Take the line containing "diameter of A16" and every line after it to the end of the data, and write them out exactly as they appear.

◇ ◇ ◇ ◇

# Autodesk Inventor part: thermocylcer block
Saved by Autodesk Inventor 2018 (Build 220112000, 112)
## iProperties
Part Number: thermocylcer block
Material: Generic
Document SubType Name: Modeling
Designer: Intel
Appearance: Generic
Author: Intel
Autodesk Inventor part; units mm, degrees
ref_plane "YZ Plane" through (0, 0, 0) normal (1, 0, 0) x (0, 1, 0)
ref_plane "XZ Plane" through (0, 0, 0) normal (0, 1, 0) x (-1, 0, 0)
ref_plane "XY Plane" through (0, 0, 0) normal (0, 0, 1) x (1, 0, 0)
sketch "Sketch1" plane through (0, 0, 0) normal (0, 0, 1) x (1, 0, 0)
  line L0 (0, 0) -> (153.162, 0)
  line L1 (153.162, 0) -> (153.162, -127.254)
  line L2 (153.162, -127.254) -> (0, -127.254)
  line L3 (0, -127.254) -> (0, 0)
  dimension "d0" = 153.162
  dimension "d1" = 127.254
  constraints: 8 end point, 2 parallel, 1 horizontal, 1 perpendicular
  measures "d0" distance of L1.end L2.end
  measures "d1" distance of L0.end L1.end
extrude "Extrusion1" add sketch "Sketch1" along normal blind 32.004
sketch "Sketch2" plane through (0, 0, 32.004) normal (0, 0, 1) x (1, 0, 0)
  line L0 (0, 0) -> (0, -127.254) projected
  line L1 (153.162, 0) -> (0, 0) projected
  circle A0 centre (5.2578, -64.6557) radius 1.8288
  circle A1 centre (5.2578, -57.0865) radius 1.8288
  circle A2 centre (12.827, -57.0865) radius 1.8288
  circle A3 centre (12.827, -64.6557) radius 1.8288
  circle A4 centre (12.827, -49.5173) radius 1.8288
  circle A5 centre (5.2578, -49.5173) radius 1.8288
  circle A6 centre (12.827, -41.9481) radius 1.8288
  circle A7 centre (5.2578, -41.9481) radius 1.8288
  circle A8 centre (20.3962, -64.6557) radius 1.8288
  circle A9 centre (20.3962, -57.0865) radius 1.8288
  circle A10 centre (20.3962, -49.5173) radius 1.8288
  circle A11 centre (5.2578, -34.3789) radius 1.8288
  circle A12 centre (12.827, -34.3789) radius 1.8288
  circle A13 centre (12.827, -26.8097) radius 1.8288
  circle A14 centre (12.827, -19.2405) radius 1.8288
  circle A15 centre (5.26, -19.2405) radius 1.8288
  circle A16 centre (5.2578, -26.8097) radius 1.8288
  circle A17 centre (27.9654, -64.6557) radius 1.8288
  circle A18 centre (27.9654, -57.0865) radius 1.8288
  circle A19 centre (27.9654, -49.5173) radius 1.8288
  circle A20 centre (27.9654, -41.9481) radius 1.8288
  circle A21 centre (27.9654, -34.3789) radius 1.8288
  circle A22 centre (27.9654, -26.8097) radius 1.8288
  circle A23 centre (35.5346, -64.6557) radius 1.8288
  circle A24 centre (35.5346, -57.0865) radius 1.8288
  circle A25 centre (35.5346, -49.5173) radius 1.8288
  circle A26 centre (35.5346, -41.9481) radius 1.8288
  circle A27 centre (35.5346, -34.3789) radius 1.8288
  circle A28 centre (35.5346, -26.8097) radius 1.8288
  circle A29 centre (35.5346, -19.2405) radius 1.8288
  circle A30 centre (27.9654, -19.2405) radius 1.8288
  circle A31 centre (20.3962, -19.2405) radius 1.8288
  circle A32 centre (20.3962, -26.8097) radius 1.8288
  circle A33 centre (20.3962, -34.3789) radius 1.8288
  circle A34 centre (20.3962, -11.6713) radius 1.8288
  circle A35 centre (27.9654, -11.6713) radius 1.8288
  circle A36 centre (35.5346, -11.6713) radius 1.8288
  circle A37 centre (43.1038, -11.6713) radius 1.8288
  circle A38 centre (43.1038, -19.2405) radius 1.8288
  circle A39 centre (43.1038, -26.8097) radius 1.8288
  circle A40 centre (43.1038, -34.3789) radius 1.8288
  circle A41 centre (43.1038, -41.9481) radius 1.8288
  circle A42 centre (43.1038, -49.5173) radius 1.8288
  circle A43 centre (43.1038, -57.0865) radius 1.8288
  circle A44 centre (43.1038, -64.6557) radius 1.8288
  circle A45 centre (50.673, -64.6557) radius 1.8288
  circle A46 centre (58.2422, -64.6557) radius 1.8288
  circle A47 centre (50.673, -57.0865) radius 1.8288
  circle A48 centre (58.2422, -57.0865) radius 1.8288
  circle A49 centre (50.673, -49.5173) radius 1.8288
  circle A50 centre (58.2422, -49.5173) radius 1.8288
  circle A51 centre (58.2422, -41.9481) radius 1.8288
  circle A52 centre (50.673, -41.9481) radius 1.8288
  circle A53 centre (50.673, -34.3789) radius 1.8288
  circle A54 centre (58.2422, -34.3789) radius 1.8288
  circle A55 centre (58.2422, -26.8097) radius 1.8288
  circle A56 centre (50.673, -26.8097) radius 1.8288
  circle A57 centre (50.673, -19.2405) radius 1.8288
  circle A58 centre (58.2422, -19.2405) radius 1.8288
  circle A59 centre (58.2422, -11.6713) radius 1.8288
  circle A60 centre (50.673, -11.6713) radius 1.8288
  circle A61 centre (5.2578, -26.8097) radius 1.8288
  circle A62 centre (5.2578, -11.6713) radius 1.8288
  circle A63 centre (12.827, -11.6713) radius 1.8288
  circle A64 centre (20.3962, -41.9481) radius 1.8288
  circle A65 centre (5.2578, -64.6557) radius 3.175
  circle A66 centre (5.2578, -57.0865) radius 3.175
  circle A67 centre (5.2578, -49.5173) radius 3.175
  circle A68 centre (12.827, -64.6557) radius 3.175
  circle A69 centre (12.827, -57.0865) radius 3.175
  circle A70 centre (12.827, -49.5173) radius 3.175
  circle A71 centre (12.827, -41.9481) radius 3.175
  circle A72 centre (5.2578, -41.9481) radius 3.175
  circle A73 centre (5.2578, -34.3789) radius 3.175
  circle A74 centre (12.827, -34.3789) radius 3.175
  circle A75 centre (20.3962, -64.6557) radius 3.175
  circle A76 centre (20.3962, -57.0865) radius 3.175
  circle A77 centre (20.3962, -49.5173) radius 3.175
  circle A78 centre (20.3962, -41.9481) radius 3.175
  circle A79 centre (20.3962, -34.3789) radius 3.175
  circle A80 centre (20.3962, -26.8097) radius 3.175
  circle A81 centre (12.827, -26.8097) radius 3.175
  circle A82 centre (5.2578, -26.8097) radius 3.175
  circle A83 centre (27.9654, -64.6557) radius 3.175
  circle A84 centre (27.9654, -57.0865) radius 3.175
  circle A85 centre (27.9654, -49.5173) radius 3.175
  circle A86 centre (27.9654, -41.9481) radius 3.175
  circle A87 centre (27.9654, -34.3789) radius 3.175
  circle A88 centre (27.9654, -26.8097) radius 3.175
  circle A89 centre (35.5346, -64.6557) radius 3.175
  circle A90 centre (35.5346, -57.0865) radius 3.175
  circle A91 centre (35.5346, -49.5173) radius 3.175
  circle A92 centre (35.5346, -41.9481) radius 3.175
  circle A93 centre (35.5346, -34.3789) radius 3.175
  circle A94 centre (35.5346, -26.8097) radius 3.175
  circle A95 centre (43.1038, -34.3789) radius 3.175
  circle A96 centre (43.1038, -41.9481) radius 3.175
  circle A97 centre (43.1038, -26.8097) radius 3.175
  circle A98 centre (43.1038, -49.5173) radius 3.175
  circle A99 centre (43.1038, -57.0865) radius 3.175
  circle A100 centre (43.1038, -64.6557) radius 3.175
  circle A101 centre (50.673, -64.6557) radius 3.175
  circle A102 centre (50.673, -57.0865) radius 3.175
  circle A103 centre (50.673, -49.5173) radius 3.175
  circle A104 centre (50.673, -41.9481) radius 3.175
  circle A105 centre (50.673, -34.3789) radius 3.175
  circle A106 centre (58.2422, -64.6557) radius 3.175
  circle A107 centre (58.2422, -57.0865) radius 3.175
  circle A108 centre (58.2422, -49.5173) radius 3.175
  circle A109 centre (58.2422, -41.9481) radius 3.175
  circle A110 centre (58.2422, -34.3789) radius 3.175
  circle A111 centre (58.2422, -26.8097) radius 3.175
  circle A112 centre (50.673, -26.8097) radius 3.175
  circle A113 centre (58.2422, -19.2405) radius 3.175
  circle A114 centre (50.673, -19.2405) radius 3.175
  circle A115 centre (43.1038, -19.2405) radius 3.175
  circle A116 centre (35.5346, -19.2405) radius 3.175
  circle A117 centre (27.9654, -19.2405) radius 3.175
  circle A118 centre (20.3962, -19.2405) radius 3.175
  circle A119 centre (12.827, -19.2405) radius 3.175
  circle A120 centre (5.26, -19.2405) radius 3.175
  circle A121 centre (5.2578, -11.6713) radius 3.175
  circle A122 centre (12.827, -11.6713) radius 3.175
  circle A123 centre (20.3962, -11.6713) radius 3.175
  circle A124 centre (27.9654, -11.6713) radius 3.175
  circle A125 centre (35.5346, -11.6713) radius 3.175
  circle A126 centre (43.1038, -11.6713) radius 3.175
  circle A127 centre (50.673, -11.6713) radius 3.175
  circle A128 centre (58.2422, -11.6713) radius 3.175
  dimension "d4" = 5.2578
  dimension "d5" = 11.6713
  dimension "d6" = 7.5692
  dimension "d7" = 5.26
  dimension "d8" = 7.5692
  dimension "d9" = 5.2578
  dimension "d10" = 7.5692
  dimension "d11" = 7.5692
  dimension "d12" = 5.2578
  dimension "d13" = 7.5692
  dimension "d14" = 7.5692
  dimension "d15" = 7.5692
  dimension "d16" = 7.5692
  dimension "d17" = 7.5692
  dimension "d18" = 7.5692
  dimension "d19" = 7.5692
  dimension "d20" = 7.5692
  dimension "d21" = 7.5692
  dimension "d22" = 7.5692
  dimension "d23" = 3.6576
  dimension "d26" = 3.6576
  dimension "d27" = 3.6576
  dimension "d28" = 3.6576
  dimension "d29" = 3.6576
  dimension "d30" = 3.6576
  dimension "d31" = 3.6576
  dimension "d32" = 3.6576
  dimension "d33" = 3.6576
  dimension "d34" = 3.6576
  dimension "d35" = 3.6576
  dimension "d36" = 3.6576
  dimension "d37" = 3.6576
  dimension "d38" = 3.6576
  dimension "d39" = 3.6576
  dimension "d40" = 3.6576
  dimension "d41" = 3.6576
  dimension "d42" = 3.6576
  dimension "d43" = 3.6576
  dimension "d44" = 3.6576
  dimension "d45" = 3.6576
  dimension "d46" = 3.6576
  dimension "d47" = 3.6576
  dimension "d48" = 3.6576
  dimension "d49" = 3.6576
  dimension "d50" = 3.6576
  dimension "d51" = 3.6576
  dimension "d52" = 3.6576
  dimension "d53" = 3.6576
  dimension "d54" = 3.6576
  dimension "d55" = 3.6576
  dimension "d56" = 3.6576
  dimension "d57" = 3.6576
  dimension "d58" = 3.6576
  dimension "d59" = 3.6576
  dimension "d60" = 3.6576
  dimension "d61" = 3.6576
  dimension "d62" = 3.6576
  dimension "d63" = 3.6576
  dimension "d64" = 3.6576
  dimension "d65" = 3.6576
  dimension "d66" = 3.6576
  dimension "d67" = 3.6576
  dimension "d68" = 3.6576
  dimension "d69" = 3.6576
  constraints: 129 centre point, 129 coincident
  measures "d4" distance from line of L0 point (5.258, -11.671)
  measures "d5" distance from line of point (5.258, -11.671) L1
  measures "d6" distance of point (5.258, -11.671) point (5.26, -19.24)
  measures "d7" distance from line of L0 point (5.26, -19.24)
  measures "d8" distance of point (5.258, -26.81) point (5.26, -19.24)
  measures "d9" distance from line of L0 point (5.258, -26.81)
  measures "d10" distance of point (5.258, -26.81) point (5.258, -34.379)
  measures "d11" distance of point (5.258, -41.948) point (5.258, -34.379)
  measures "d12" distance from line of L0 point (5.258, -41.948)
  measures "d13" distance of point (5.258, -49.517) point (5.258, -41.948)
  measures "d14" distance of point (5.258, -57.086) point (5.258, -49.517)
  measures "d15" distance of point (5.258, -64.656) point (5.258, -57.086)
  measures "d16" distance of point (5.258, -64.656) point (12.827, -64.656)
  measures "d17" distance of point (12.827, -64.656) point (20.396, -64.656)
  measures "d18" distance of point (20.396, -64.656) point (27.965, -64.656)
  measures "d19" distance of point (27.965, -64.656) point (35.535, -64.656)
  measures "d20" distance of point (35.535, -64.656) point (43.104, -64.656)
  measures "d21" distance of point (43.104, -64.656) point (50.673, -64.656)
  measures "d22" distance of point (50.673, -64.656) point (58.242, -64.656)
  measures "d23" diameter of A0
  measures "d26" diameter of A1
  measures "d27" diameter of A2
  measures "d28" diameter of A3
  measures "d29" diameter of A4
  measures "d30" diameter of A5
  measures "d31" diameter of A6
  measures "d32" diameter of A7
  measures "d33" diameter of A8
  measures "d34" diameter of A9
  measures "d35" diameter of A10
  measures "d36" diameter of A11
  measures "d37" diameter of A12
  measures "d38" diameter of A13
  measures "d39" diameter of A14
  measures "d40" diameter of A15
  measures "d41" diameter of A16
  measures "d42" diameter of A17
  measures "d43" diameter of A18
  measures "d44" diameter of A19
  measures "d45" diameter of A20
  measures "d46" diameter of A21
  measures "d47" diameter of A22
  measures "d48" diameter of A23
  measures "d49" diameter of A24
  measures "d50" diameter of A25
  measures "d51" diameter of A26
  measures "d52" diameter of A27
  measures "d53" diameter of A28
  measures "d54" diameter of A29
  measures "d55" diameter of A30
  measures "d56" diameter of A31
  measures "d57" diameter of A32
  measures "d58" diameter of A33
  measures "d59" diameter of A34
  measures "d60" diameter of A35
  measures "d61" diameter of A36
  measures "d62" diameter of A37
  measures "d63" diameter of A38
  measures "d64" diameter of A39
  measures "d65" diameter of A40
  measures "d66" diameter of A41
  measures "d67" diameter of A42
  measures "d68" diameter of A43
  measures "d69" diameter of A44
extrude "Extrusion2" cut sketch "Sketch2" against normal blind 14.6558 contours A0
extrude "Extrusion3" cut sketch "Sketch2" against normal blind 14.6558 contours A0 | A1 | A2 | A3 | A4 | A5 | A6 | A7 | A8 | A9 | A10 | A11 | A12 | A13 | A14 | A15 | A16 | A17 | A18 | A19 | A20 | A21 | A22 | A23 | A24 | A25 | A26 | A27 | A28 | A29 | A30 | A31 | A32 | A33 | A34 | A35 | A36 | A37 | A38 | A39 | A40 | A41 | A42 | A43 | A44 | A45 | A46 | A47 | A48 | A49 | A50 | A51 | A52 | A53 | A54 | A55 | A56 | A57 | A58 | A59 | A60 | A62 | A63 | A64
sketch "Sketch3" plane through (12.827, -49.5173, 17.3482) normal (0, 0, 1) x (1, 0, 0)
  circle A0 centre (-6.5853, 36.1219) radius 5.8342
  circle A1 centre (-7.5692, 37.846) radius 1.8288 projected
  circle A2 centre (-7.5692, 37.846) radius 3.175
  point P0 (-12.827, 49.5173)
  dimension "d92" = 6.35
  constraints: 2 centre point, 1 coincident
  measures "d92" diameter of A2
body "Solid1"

◇ ◇ ◇ ◇

Response:
  measures "d41" diameter of A16
  measures "d42" diameter of A17
  measures "d43" diameter of A18
  measures "d44" diameter of A19
  measures "d45" diameter of A20
  measures "d46" diameter of A21
  measures "d47" diameter of A22
  measures "d48" diameter of A23
  measures "d49" diameter of A24
  measures "d50" diameter of A25
  measures "d51" diameter of A26
  measures "d52" diameter of A27
  measures "d53" diameter of A28
  measures "d54" diameter of A29
  measures "d55" diameter of A30
  measures "d56" diameter of A31
  measures "d57" diameter of A32
  measures "d58" diameter of A33
  measures "d59" diameter of A34
  measures "d60" diameter of A35
  measures "d61" diameter of A36
  measures "d62" diameter of A37
  measures "d63" diameter of A38
  measures "d64" diameter of A39
  measures "d65" diameter of A40
  measures "d66" diameter of A41
  measures "d67" diameter of A42
  measures "d68" diameter of A43
  measures "d69" diameter of A44
extrude "Extrusion2" cut sketch "Sketch2" against normal blind 14.6558 contours A0
extrude "Extrusion3" cut sketch "Sketch2" against normal blind 14.6558 contours A0 | A1 | A2 | A3 | A4 | A5 | A6 | A7 | A8 | A9 | A10 | A11 | A12 | A13 | A14 | A15 | A16 | A17 | A18 | A19 | A20 | A21 | A22 | A23 | A24 | A25 | A26 | A27 | A28 | A29 | A30 | A31 | A32 | A33 | A34 | A35 | A36 | A37 | A38 | A39 | A40 | A41 | A42 | A43 | A44 | A45 | A46 | A47 | A48 | A49 | A50 | A51 | A52 | A53 | A54 | A55 | A56 | A57 | A58 | A59 | A60 | A62 | A63 | A64
sketch "Sketch3" plane through (12.827, -49.5173, 17.3482) normal (0, 0, 1) x (1, 0, 0)
  circle A0 centre (-6.5853, 36.1219) radius 5.8342
  circle A1 centre (-7.5692, 37.846) radius 1.8288 projected
  circle A2 centre (-7.5692, 37.846) radius 3.175
  point P0 (-12.827, 49.5173)
  dimension "d92" = 6.35
  constraints: 2 centre point, 1 coincident
  measures "d92" diameter of A2
body "Solid1"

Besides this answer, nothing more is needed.